Why acoustics are so important
While no control room is acoustically perfect, professional recording studios must create the flattest response and the largest sweet-spot possible. Acoustics need to be part of any control room plan and it is most successful during the planning and construction of the room itself. Building a control room in this way, reduces the need for lots of "add-on" or surface mounted acoustic treatments. Additionally, most treatment products in the market today simply do not have the acoustical performance of built-in and well designed treatments.
While we try to build the most acoustically flat response into the room, there are many other factors which limit the actual result. First of all, proper room treatments, especially in the low frequencies requires a lot of space. It's a simple matter of physics. Since the speed of sound and the wavelength of a frequency is constant, proper trapping, diffusion and tonal control of the low-end is extremely difficult and expensive. For example, the wavelength of 30Hz is a staggering 37 ft long.

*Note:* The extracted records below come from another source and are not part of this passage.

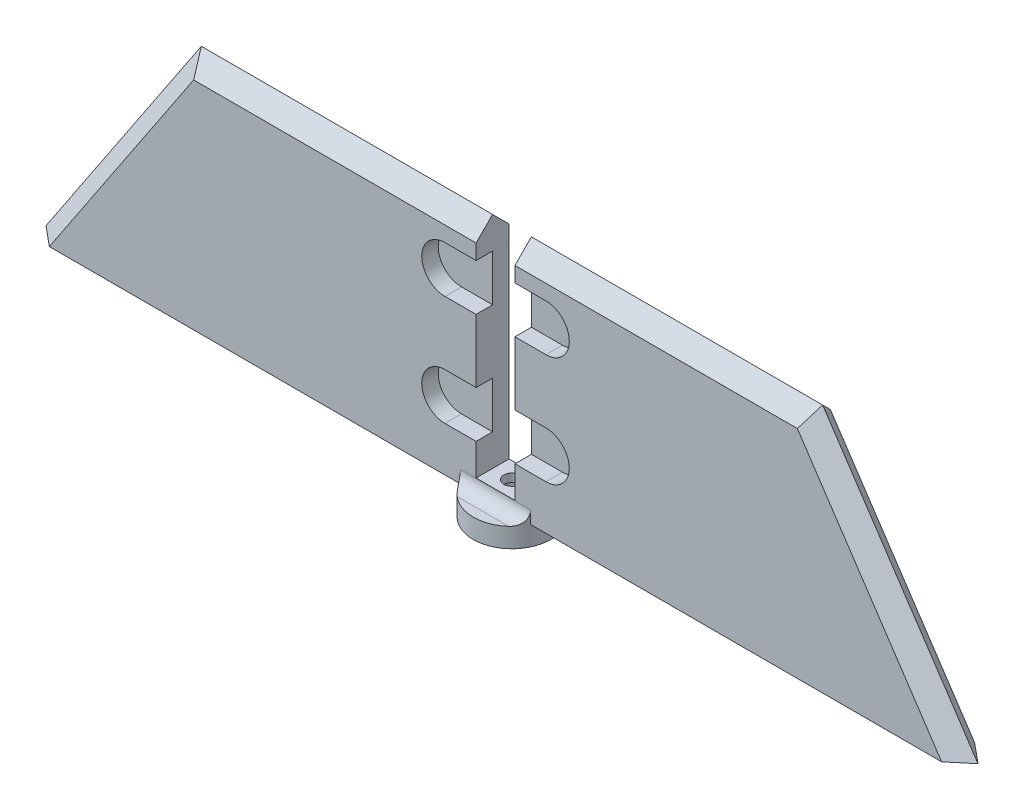
from build123d import *

# Parameters (mm, degrees)
SALIENTE_EXTRUIR1_DEPTH = 2.125
CROQUIS2_R              = 5
SALIENTE_EXTRUIR2_DEPTH = 2.5
REDONDEO1_R             = 1.625
SKETCH1_R               = 2.45
CUT_EXTRUDE1_DEPTH      = 3.1
CHAMFER1_SIZE           = 2.125
CUT_EXTRUDE2_DEPTH      = 68.459362768
CUT_EXTRUDE2_DEPTH_BACK = 68.459362768
SKETCH2_W               = 5
SKETCH2_H               = 28.351341624
CUT_EXTRUDE3_DEPTH      = 68.002686513
CUT_EXTRUDE3_DEPTH_BACK = 68.002686513
SKETCH3_R               = 1.05
CUT_EXTRUDE4_DEPTH      = 68.459362768
CUT_EXTRUDE4_DEPTH_BACK = 2.125


# Some blends are built 0.0001 mm under size
with BuildPart() as part:
    # Croquis1 → Saliente-Extruir1 (new, symmetric)
    with BuildSketch(Plane.XY):
        Polygon((60, 0), (-60, 0), (-40, 30), (40, 30), align=None)
    extrude(amount=SALIENTE_EXTRUIR1_DEPTH, both=True)

    # Croquis2 → Saliente-Extruir2 (add)
    with BuildSketch(Plane.XZ):
        with Locations(Location((0, 0, 0), (0, 0, 25.150663413))):
            Circle(CROQUIS2_R)
    extrude(amount=SALIENTE_EXTRUIR2_DEPTH)

    # Redondeo1
    # the kernel refuses this fillet: 1.625 mm, written as the material it adds along each edge
    with BuildSketch(Plane(origin=(8.588466748, 0, -2.125), x_dir=(0, 1, 0), z_dir=(-1, 0, 0))) as redondeo1_piece_1_section:
        with BuildLine():
            CenterArc((REDONDEO1_R, REDONDEO1_R), REDONDEO1_R, 180, 90)
            Line((0, REDONDEO1_R), (0, 0))
            Line((0, 0), (REDONDEO1_R, 0))
        make_face()
    redondeo1_piece_1 = extrude(amount=17.176933495, mode=Mode.PRIVATE)
    redondeo1_piece_1 = redondeo1_piece_1 & Plane(origin=(0, 0.370660795, 0), x_dir=(0.9051933495081991, 0, 0.4250000000072087), z_dir=(0, 1, 0)) * Cylinder(5, 41, mode=Mode.PRIVATE)
    add(redondeo1_piece_1)
    with BuildSketch(Plane(origin=(8.588466748, 0, 2.125), x_dir=(0, 1, 0), z_dir=(-1, 0, 0))) as redondeo1_piece_2_section:
        with BuildLine():
            CenterArc((REDONDEO1_R, -REDONDEO1_R), REDONDEO1_R, 90, 90)
            Line((0, -REDONDEO1_R), (0, 0))
            Line((0, 0), (REDONDEO1_R, 0))
        make_face()
    redondeo1_piece_2 = extrude(amount=17.176933495, mode=Mode.PRIVATE)
    redondeo1_piece_2 = redondeo1_piece_2 & Plane(origin=(0, 0.370660827, 0), x_dir=(0.9051933495081991, 0, 0.4250000000072087), z_dir=(0, 1, 0)) * Cylinder(5, 41, mode=Mode.PRIVATE)
    add(redondeo1_piece_2)

    # Sketch1 → Cut-Extrude1 (cut)
    with BuildSketch(Plane.XZ.offset(2.5)):
        with Locations(Location((0, 0, 0), (0, 0, 270))):
            Circle(SKETCH1_R)
    extrude(amount=-CUT_EXTRUDE1_DEPTH, mode=Mode.SUBTRACT)

    # Chamfer1
    chamfer1_edges = [part.edges().sort_by_distance(p)[0] for p in [
        (50, 15, -2.125),
        (0, 30, -2.125),
        (-50, 15, -2.125),
        (50, 15, 2.125),
        (0, 30, 2.125),
        (-50, 15, 2.125),
    ]]
    chamfer(chamfer1_edges, length=CHAMFER1_SIZE - 0.0001)  # a hair under: the kernel refuses the full size

    # Sketch2 → Cut-Extrude2 (cut, two sides: drawn at the far end of the back side and taken through both)
    with BuildSketch(Plane.XY.offset(2.125).offset(-CUT_EXTRUDE2_DEPTH_BACK)):
        with Locations((0, 15.85)):
            Rectangle(SKETCH2_W, SKETCH2_H)
    extrude(amount=CUT_EXTRUDE2_DEPTH + CUT_EXTRUDE2_DEPTH_BACK, mode=Mode.SUBTRACT)

    # Sketch3 → Cut-Extrude3 (cut, two sides: drawn at the far end of the back side and taken through both)
    with BuildSketch(Plane.XZ.offset(-0.6).offset(-CUT_EXTRUDE3_DEPTH_BACK)):
        with Locations(Location((0, 0, 0), (0, 0, 270))):
            Circle(SKETCH3_R)
    extrude(amount=CUT_EXTRUDE3_DEPTH + CUT_EXTRUDE3_DEPTH_BACK, mode=Mode.SUBTRACT)

    # Sketch4 → Cut-Extrude4 (cut, two sides: drawn at the far end of the back side and taken through both)
    with BuildSketch(Plane.XY.offset(2.125).offset(-CUT_EXTRUDE4_DEPTH_BACK)):
        with BuildLine():
            Line((2.5, 25.918582297), (2.5, 19.918582297))
            Line((2.5, 19.918582297), (6.5, 19.918582297))
            ThreePointArc((6.5, 19.918582297), (9.5, 22.918582297), (6.5, 25.918582297))
            Line((6.5, 25.918582297), (2.5, 25.918582297))
        make_face()
        with BuildLine():
            Line((6.5, 11.755746891), (2.5, 11.755746891))
            Line((2.5, 11.755746891), (2.5, 5.755746891))
            Line((2.5, 5.755746891), (6.5, 5.755746891))
            ThreePointArc((6.5, 5.755746891), (9.5, 8.755746891), (6.5, 11.755746891))
        make_face()
        with BuildLine():
            Line((-6.5, 19.918582297), (-2.5, 19.918582297))
            Line((-2.5, 19.918582297), (-2.5, 25.918582297))
            Line((-2.5, 25.918582297), (-6.5, 25.918582297))
            ThreePointArc((-6.5, 25.918582297), (-9.5, 22.918582297), (-6.5, 19.918582297))
        make_face()
        with BuildLine():
            Line((-2.5, 5.755746891), (-2.5, 11.755746891))
            Line((-2.5, 11.755746891), (-6.5, 11.755746891))
            ThreePointArc((-6.5, 11.755746891), (-9.5, 8.755746891), (-6.5, 5.755746891))
            Line((-6.5, 5.755746891), (-2.5, 5.755746891))
        make_face()
    extrude(amount=CUT_EXTRUDE4_DEPTH + CUT_EXTRUDE4_DEPTH_BACK, mode=Mode.SUBTRACT)


solid = part.part
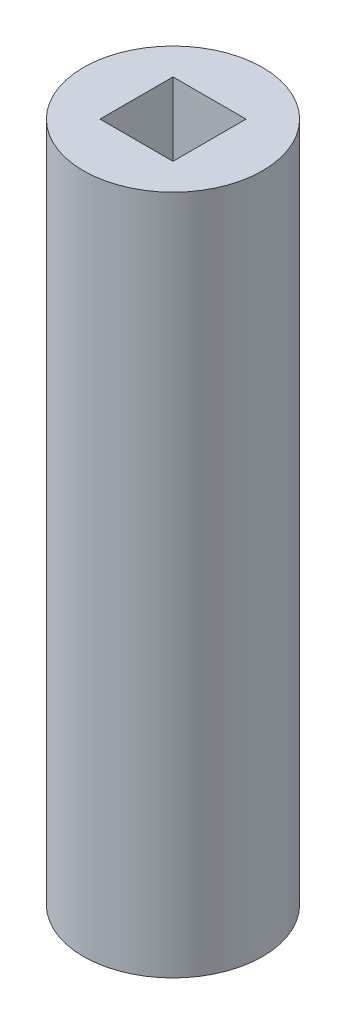
from build123d import *

# Parameters (mm, degrees)
SKETCH_1_R      = 12.5
SKETCH_1_W      = 10.2
SKETCH_1_H      = 10.2
EXTRUDE_1_DEPTH = 95


with BuildPart() as part:
    # Эскиз1 → Бобышка-Вытянуть1 (new body)
    with BuildSketch(Plane(origin=(0, 0, 0), x_dir=(1, 0, 0), z_dir=(0, 1, 0))):
        Circle(SKETCH_1_R)
        Rectangle(SKETCH_1_W, SKETCH_1_H, mode=Mode.SUBTRACT)
    extrude(amount=EXTRUDE_1_DEPTH)


solid = part.part
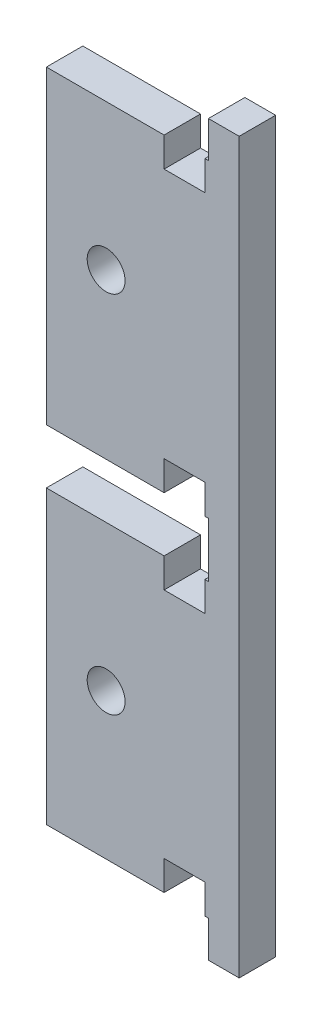
from build123d import *

# Parameters (mm, degrees)
SKETCH2_W               = 40.64
SKETCH2_H               = 127
BOSS_EXTRUDE1_DEPTH     = 6.35
M6_CLEARANCE_HOLE1_D    = 6.6
CUT_EXTRUDE1_DEPTH      = 134.495063954
CUT_EXTRUDE1_DEPTH_BACK = 134.495063954
SKETCH5_W               = 7.0505
SKETCH5_H               = 127
SKETCH6_W               = 28.23137
SKETCH6_H               = 6.35
SKETCH6_H_2             = 9.525
CUT_EXTRUDE2_DEPTH      = 134.495063954
SKETCH7_W               = 7.112
SKETCH7_H               = 5.5245
CUT_EXTRUDE3_DEPTH      = 134.495063954


with BuildPart() as part:
    # Sketch2 → Boss-Extrude1 (new body)
    with BuildSketch(Plane.XY):
        with Locations((20.32, 63.5)):
            Rectangle(SKETCH2_W, SKETCH2_H)
    extrude(amount=BOSS_EXTRUDE1_DEPTH)

    # M6 Clearance Hole1 (through all)
    with Locations(Plane.XY.offset(6.35)):
        with Locations((17.4625, 31.75), (17.4625, 95.25)):
            Hole(M6_CLEARANCE_HOLE1_D / 2)

    # Sketch5 → Cut-Extrude1 (cut, two sides: drawn at the far end of the back side and taken through both)
    with BuildSketch(Plane.XY.offset(6.35).offset(-CUT_EXTRUDE1_DEPTH_BACK)):
        with Locations((3.52525, 63.5)):
            Rectangle(SKETCH5_W, SKETCH5_H)
    extrude(amount=CUT_EXTRUDE1_DEPTH + CUT_EXTRUDE1_DEPTH_BACK, mode=Mode.SUBTRACT)

    # Sketch6 → Cut-Extrude2 (cut, through all)
    with BuildSketch(Plane.XY.offset(6.35)):
        with Locations((21.166185, 123.825)):
            Rectangle(SKETCH6_W, SKETCH6_H)
        with Locations((21.166185, 61.9125)):
            Rectangle(SKETCH6_W, SKETCH6_H_2)
        with Locations((21.166185, 3.175)):
            Rectangle(SKETCH6_W, SKETCH6_H)
    extrude(amount=-CUT_EXTRUDE2_DEPTH, mode=Mode.SUBTRACT)

    # Sketch7 → Cut-Extrude3 (cut, through all)
    with BuildSketch(Plane.XY.offset(6.35)):
        with Locations((31.115, 118.26875)):
            Rectangle(SKETCH7_W, SKETCH7_H)
        with Locations((31.115, 69.05625)):
            Rectangle(SKETCH7_W, SKETCH7_H)
        with Locations((31.115, 54.76875)):
            Rectangle(SKETCH7_W, SKETCH7_H)
        with Locations((31.115, 8.73125)):
            Rectangle(SKETCH7_W, SKETCH7_H)
    extrude(amount=-CUT_EXTRUDE3_DEPTH, mode=Mode.SUBTRACT)


solid = part.part
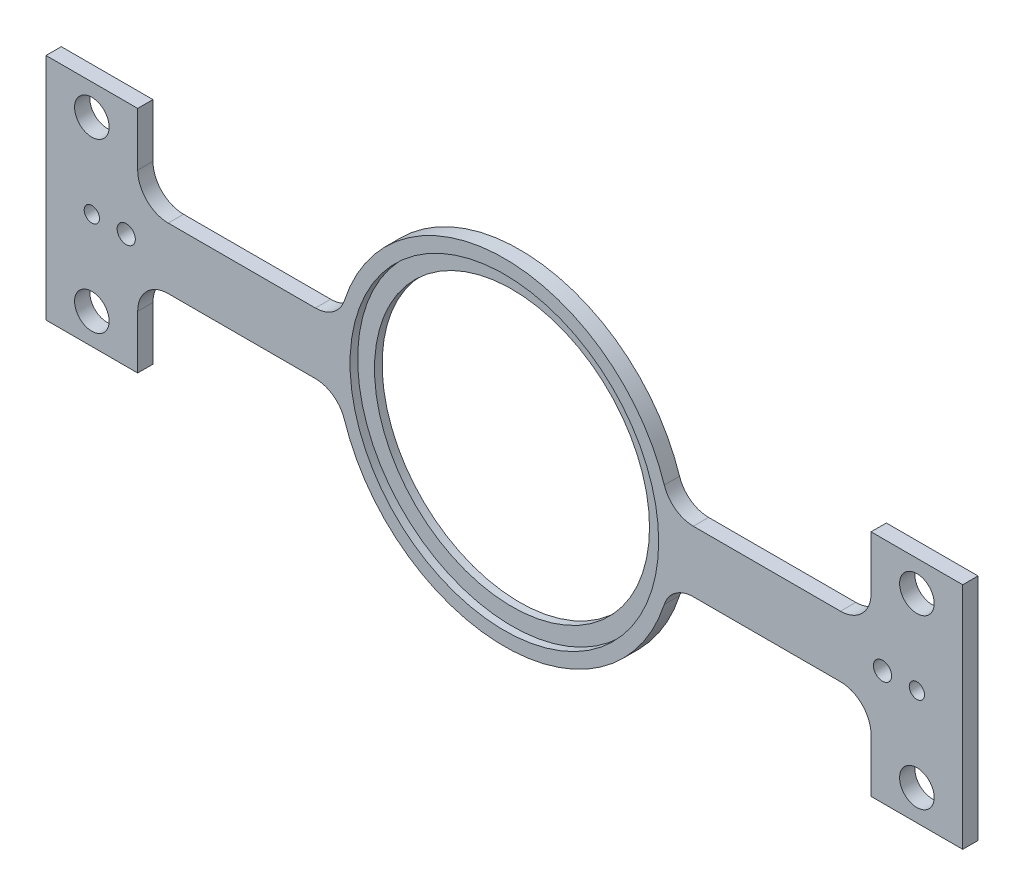
from build123d import *

# Parameters (mm, degrees)
SKETCH1_R             = 9
BOSS_EXTRUDE1_DEPTH   = 1
SKETCH2_R             = 10.1
CUT_EXTRUDE1_DEPTH    = 0.5
SKETCH6_R             = 0.5
CUT_EXTRUDE3_DEPTH    = 32.968734726
F_1_CLEARANCE_HOLE1_D = 2.2606
F_0_80_TAPPED_HOLE1_D = 1.19126
FILLET1_R             = 2


with BuildPart() as part:
    # Sketch1 → Boss-Extrude1 (new body)
    with BuildSketch(Plane.XY):
        with BuildLine():
            Line((10.816653826, 2), (24, 2))
            Line((24, 2), (24, 7.5))
            Line((24, 7.5), (30, 7.5))
            Line((30, 7.5), (30, -7.5))
            Line((30, -7.5), (24, -7.5))
            Line((24, -7.5), (24, -2))
            Line((24, -2), (10.816653826, -2))
            ThreePointArc((10.816653826, -2), (0, -11), (-10.816653826, -2))
            Line((-10.816653826, -2), (-24, -2))
            Line((-24, -2), (-24, -7.5))
            Line((-24, -7.5), (-30, -7.5))
            Line((-30, -7.5), (-30, 7.5))
            Line((-30, 7.5), (-24, 7.5))
            Line((-24, 7.5), (-24, 2))
            Line((-24, 2), (-10.816653826, 2))
            ThreePointArc((-10.816653826, 2), (0, 11), (10.816653826, 2))
        make_face()
        Circle(SKETCH1_R, mode=Mode.SUBTRACT)
    extrude(amount=BOSS_EXTRUDE1_DEPTH)

    # Sketch2 → Cut-Extrude1 (cut)
    with BuildSketch(Plane.XY.offset(1)):
        Circle(SKETCH2_R)
    extrude(amount=-CUT_EXTRUDE1_DEPTH, mode=Mode.SUBTRACT)

    # Sketch6 → Cut-Extrude3 (cut, through all)
    with BuildSketch(Plane(origin=(0, 0, 0), x_dir=(-1, 0, 0), z_dir=(0, 0, -1))):
        with Locations((-27, 0)):
            Circle(SKETCH6_R)
        with Locations((27, 0)):
            Circle(SKETCH6_R)
    extrude(amount=-CUT_EXTRUDE3_DEPTH, mode=Mode.SUBTRACT)

    # #1 Clearance Hole1 (through all)
    with Locations(Plane(origin=(0, 0, 0), x_dir=(-1, 0, 0), z_dir=(0, 0, -1))):
        with Locations((-27, -5.5), (-27, 5.5), (27, 5.5), (27, -5.5)):
            Hole(F_1_CLEARANCE_HOLE1_D / 2)

    # #0-80 Tapped Hole1 (through all)
    with Locations(Plane(origin=(0, 0, 0), x_dir=(-1, 0, 0), z_dir=(0, 0, -1))):
        with Locations((-24.75, 0), (24.75, 0)):
            Hole(F_0_80_TAPPED_HOLE1_D / 2)

    # Fillet1
    fillet1_edges = [part.edges().sort_by_distance(p)[0] for p in [
        (-24, -2, 0.5),
        (-10.816653826, -2, 0.5),
        (10.816653826, -2, 0.5),
        (24, -2, 0.5),
        (-10.816653826, 2, 0.5),
        (24, 2, 0.5),
        (10.816653826, 2, 0.5),
        (-24, 2, 0.5),
    ]]
    fillet(fillet1_edges, radius=FILLET1_R)


solid = part.part
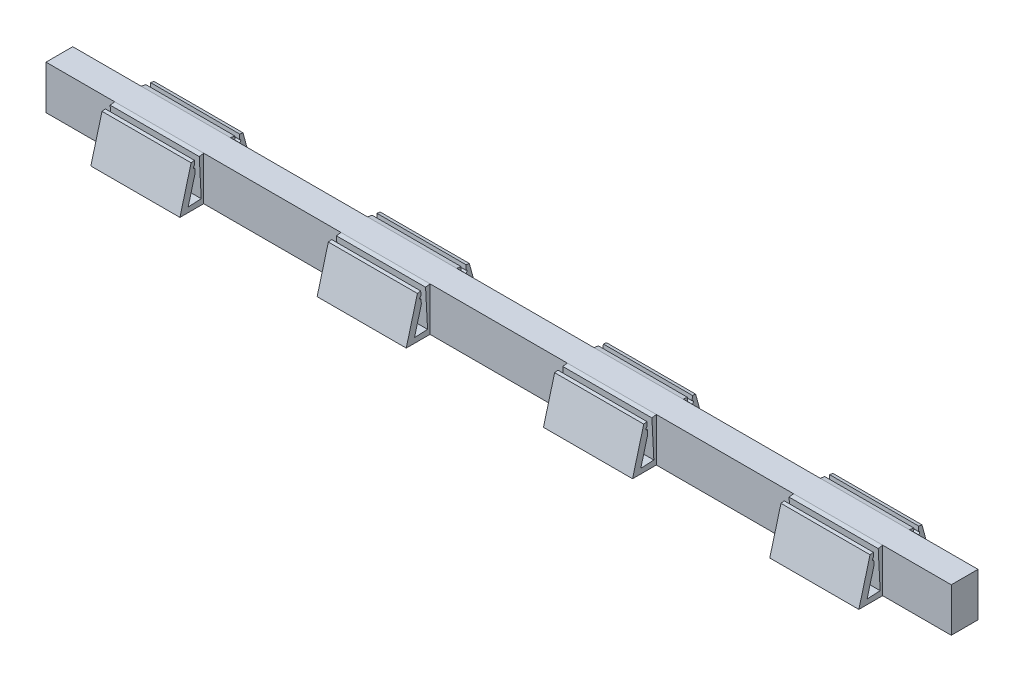
from build123d import *

# Parameters (mm, degrees)
CLIP_1_DEPTH           = 10
CENTER_BEAM_DEPTH      = 177.8
CENTER_BEAM_DEPTH_BACK = 25.4
SKETCH4_W              = 6.003992509
SKETCH4_H              = 9.824299843
LPATTERN1_COUNT        = 4
LPATTERN1_PITCH        = 50.8


with BuildPart() as part:
    # Sketch1 → Clip #1 (new, symmetric)
    with BuildSketch(Plane(origin=(0, 0, 0), x_dir=(0, 0, -1), z_dir=(1, 0, 0))):
        with BuildLine():
            Line((6.081551938, 6.841542851), (7.61911384, 1.103283712))
            Line((7.61911384, 1.103283712), (4.687365208, 1.256930148))
            Line((4.687365208, 1.256930148), (5.127959845, 9.663976652))
            Line((5.127959845, 9.663976652), (4.1299561, 9.824299843))
            Line((4.1299561, 9.824299843), (-1.874036409, 9.824299843))
            Line((-1.874036409, 9.824299843), (-2.872040155, 9.663976652))
            Line((-2.872040155, 9.663976652), (-2.431445517, 1.256930148))
            Line((-2.431445517, 1.256930148), (-5.36319415, 1.103283712))
            Line((-5.36319415, 1.103283712), (-3.825632248, 6.841542851))
            Line((-3.825632248, 6.841542851), (-3.879292118, 7.86543416))
            ThreePointArc((-3.879292118, 7.86543416), (-4.194581765, 8.149322234), (-3.910693691, 8.464611881))
            Line((-3.910693691, 8.464611881), (-3.964353561, 9.488503191))
            Line((-3.964353561, 9.488503191), (-4.701004321, 9.370164756))
            Line((-4.701004321, 9.370164756), (-7.2117324, 0))
            Line((-7.2117324, 0), (-2.365572599, 0))
            Line((-2.365572599, 0), (4.62149229, 0))
            Line((4.62149229, 0), (9.46765209, 0))
            Line((9.46765209, 0), (6.956924011, 9.370164756))
            Line((6.956924011, 9.370164756), (6.220273251, 9.488503191))
            Line((6.220273251, 9.488503191), (6.166613382, 8.464611881))
            ThreePointArc((6.166613382, 8.464611881), (6.450501455, 8.149322234), (6.135211808, 7.86543416))
            Line((6.135211808, 7.86543416), (6.081551938, 6.841542851))
        make_face()
    clip_1 = extrude(amount=CLIP_1_DEPTH, both=True)

    # Sketch4 → Center beam (add, two sides: drawn at the far end of the back side and taken through both)
    with BuildSketch(Plane(origin=(0, 0, 0), x_dir=(0, 0, -1), z_dir=(1, 0, 0)).offset(-CENTER_BEAM_DEPTH_BACK)):
        with Locations((1.127959845, 4.912149922)):
            Rectangle(SKETCH4_W, SKETCH4_H)
    extrude(amount=CENTER_BEAM_DEPTH + CENTER_BEAM_DEPTH_BACK)

    # LPattern1: Clip #1 ×4
    with Locations(*[(i * LPATTERN1_PITCH, 0, 0) for i in range(1, LPATTERN1_COUNT)]):
        add(clip_1)


solid = part.part

Other factors in control room acoustics include not only the demensions, but the proportions. A basic rule of thumb is you want a room which is longer (from mix position to rear) than it is wide. We also try and stay away from demensions divisible by 2. One last cardinal sin is make a room a cube like 10' x 10' x 10'. The demensions of any space without angled or splayed walls dictate the room's nodes. Room modes are the collection of resonances that exist in a room when the room is excited by an acoustic source such as a loudspeaker and every room has them. In an untreated interior drywall room, typical of conventional construction, these nodes pose acoustical issues throughout the frequency spectrum, and thus your final mix product.
Room nodes, frequency response, and room resonances are only part of what we need to acoustically control. Even if the rooms response is relatively flat, you still need to control decay times and RT60 values. If a room has a nice flat low end from 60 to 100Hz, it will still sound boomy if those frequencies take 600ms to fully decay. Properly controlling decay times is just as important as frequency response, and is, many times completely overlooked.
When a room is not as flat as it can be and decay times are not under control, mixing in it can be a real challange. The main reason for this is that what you are hearing, and ultimately printing to your final mix pass is not reality. You shape you kicks, bass, guitars and vocals to what you are hearing, only to have the room's inaccuracies color your mix decisions. The mix may sound great in that room, but the minute you listen in another environment, the mix is off.
The more accurate the room you record and ultimately mix in, the more glued your mixes will be. The result will be a more focused, more clarity and balanced product.